WHAT THIS TASK INVOLVES:
Please show every line from the entries that carries the word "ezdxf".

Source records:
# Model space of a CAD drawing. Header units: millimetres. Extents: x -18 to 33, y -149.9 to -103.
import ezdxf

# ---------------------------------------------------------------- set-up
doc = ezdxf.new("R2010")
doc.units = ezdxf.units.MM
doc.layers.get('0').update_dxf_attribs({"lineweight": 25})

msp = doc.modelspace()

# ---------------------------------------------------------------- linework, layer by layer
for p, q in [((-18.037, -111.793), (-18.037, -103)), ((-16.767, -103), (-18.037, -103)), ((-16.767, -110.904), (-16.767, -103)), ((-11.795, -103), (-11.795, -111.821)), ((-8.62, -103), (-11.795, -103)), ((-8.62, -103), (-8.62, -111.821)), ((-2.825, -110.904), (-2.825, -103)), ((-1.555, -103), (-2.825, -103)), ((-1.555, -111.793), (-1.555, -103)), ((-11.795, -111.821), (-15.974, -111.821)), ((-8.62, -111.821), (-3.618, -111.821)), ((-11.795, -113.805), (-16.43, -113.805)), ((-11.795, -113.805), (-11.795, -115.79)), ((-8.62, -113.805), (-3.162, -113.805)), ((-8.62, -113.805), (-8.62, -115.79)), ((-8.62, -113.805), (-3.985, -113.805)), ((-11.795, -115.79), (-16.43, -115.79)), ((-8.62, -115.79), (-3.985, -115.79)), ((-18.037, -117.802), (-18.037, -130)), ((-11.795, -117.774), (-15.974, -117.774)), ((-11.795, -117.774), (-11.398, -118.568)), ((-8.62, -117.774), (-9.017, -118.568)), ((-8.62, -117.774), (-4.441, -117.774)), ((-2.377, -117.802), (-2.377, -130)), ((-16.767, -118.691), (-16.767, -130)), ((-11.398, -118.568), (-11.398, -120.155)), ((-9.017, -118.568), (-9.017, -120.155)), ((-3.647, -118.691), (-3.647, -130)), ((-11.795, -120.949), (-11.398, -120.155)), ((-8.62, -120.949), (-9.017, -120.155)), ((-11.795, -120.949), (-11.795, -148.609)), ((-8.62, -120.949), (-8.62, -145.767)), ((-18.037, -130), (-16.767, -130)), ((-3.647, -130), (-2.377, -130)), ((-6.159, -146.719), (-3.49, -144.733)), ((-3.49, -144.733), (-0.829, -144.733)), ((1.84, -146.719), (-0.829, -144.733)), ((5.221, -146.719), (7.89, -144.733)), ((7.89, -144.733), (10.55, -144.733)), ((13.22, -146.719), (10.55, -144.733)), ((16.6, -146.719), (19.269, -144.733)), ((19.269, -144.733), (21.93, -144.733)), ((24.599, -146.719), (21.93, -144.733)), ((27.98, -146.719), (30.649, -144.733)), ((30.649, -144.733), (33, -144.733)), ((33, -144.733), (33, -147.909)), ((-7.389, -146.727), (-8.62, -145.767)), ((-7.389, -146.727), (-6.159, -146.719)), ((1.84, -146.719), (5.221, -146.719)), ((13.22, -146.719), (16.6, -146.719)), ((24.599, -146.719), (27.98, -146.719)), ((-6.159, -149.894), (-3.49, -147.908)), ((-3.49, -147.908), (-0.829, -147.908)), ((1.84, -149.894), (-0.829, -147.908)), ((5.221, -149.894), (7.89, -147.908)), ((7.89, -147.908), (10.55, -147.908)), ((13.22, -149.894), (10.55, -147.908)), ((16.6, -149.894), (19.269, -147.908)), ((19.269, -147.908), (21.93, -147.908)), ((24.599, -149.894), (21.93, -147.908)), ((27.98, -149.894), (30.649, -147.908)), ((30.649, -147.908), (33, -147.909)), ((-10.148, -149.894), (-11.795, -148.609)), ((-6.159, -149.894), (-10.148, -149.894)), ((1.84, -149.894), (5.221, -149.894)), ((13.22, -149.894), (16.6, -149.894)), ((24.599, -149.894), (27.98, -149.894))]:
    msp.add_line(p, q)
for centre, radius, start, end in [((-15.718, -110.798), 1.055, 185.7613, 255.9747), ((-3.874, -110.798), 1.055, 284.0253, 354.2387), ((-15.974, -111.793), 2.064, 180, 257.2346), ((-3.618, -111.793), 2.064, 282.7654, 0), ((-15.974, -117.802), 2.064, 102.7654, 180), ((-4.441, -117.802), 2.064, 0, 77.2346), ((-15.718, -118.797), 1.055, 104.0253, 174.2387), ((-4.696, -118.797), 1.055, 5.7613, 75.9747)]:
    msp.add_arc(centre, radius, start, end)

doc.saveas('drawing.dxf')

RESPONSE BELOW:
import ezdxf
doc = ezdxf.new("R2010")
doc.units = ezdxf.units.MM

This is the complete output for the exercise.